Politics & Policy

Aspiring Poland

This country is doing all the right things.

Poland, the fifth-largest country in Europe, is not one of the first places most investors look for opportunities.

But maybe it should be. I returned full of enthusiasm a few weeks ago from my first trip to Poland in 40 years. Poland’s stock market is small — a market capitalization of about $30 billion, roughly the size of Target (TGT) or eBay (EBAY) — but it’s expanding. And prices have been rising lately. Poland’s WIG 20, an index of the country’s 20 largest public companies, is up about 20 percent this year.

Poland’s stocks aren’t easy to buy, as you’ll see. In fact, Poland’s main value to investors is not so much as a source of great stocks; it’s as a reminder of how the financial world is changing. Poland is part of a group of what I call “aspiring” nations — countries such as Ireland, Portugal, and Russia, which are retooling their economies, sometimes with sloppiness and confusion but always with a sincere desire for dynamic growth. By contrast, “complacent” countries, including France, Belgium, and Japan, seem to have reached a level of wealth that has brought stability and contentment, which in turn appears to have dampened the ardor for growth.

Poland truly wants to get on — and that’s the first step in actually doing it.

The country is aspiring to outrace history.
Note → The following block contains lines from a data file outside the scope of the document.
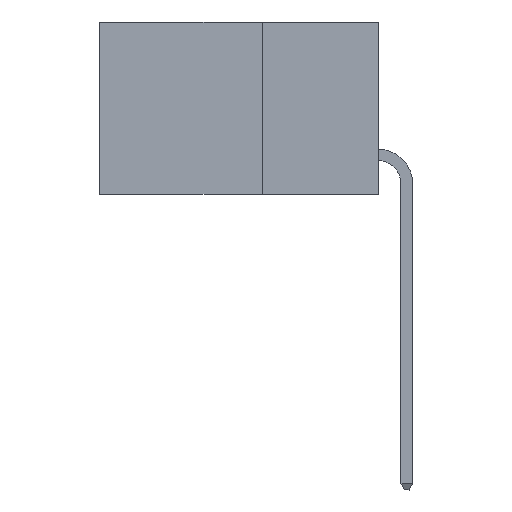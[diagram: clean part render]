
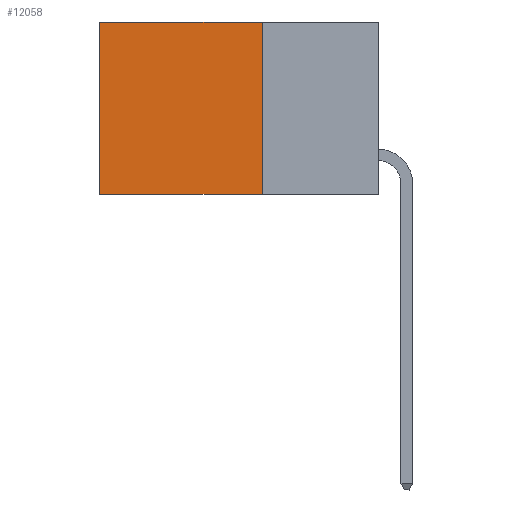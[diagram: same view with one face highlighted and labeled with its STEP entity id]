
A CAD part, left-side view. The second image highlights one B-rep face of the part: STEP entity #12058.
In plain terms, the highlighted planar face has unit normal (-1, 0, 0).
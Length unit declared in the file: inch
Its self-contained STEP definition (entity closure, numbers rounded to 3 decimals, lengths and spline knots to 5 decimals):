
#208 = EDGE_CURVE ( 'NONE', #3988, #3388, #8708, .T. ) ;
#721 = VERTEX_POINT ( 'NONE', #1443 ) ;
#1329 = AXIS2_PLACEMENT_3D ( 'NONE', #14443, #7094, #9485 ) ;
#1443 = CARTESIAN_POINT ( 'NONE',  ( 0.2615, 0.25, 0. ) ) ;
#1565 = CARTESIAN_POINT ( 'NONE',  ( 0.2615, 0.25, 0. ) ) ;
#2258 = LINE ( 'NONE', #3238, #10227 ) ;
#2277 = DIRECTION ( 'NONE',  ( 0., 1., 0. ) ) ;
#3238 = CARTESIAN_POINT ( 'NONE',  ( 0.2615, 0.25, -0.37 ) ) ;
#3388 = VERTEX_POINT ( 'NONE', #4539 ) ;
#3988 = VERTEX_POINT ( 'NONE', #13762 ) ;
#4408 = CARTESIAN_POINT ( 'NONE',  ( 0.2615, 0.6, -0.37 ) ) ;
#4445 = ORIENTED_EDGE ( 'NONE', *, *, #208, .F. ) ;
#4539 = CARTESIAN_POINT ( 'NONE',  ( 0.2615, 0.6, -0.37 ) ) ;
#4708 = EDGE_CURVE ( 'NONE', #721, #4980, #12806, .T. ) ;
#4862 = EDGE_CURVE ( 'NONE', #4980, #3388, #14406, .T. ) ;
#4980 = VERTEX_POINT ( 'NONE', #13429 ) ;
#5327 = DIRECTION ( 'NONE',  ( 0., 1., 0. ) ) ;
#5693 = PLANE ( 'NONE',  #1329 ) ;
#6451 = ORIENTED_EDGE ( 'NONE', *, *, #4708, .T. ) ;
#6660 = VECTOR ( 'NONE', #2277, 39.37008 ) ;
#7094 = DIRECTION ( 'NONE',  ( 1., 0., 0. ) ) ;
#8185 = DIRECTION ( 'NONE',  ( 0., 0., -1. ) ) ;
#8668 = VECTOR ( 'NONE', #11752, 39.37008 ) ;
#8708 = LINE ( 'NONE', #13428, #6660 ) ;
#9485 = DIRECTION ( 'NONE',  ( 0., 0., -1. ) ) ;
#10227 = VECTOR ( 'NONE', #8185, 39.37008 ) ;
#10405 = EDGE_LOOP ( 'NONE', ( #14716, #4445, #14811, #6451 ) ) ;
#10484 = VECTOR ( 'NONE', #5327, 39.37008 ) ;
#10638 = FACE_OUTER_BOUND ( 'NONE', #10405, .T. ) ;
#11678 = EDGE_CURVE ( 'NONE', #721, #3988, #2258, .T. ) ;
#11752 = DIRECTION ( 'NONE',  ( 0., 0., -1. ) ) ;
#12058 = ADVANCED_FACE ( 'NONE', ( #10638 ), #5693, .F. ) ;
#12806 = LINE ( 'NONE', #1565, #10484 ) ;
#13428 = CARTESIAN_POINT ( 'NONE',  ( 0.2615, 0.25, -0.37 ) ) ;
#13429 = CARTESIAN_POINT ( 'NONE',  ( 0.2615, 0.6, 0. ) ) ;
#13762 = CARTESIAN_POINT ( 'NONE',  ( 0.2615, 0.25, -0.37 ) ) ;
#14406 = LINE ( 'NONE', #4408, #8668 ) ;
#14443 = CARTESIAN_POINT ( 'NONE',  ( 0.2615, 0.25, -0.37 ) ) ;
#14716 = ORIENTED_EDGE ( 'NONE', *, *, #4862, .T. ) ;
#14811 = ORIENTED_EDGE ( 'NONE', *, *, #11678, .F. ) ;

The last time I was in Poland, I was a callow teenager, and Poland, then ruled by Moscow, was a nation suffering from a tragically familiar condition. Poland, caught between two great powers with a penchant for aggression, had been rolled over, conquered, and plundered. The last king of Poland was the handsome but feckless Stanislas August Poniatowski, who was placed on the throne by his lover, Catherine the Great, and managed to lose the entire country through partition as it was divided up among Russia, Prussia, and Austria toward the end of the 18th century.

Six million Poles died in World War II, and when the war ended, the Iron Curtain was wrung down and Poland disappeared behind it for almost a half-century. In 1980, the revolt in the Gdansk shipyards by Solidarity began the struggle that, a decade later, brought down communism in the Soviet Union and Eastern Europe.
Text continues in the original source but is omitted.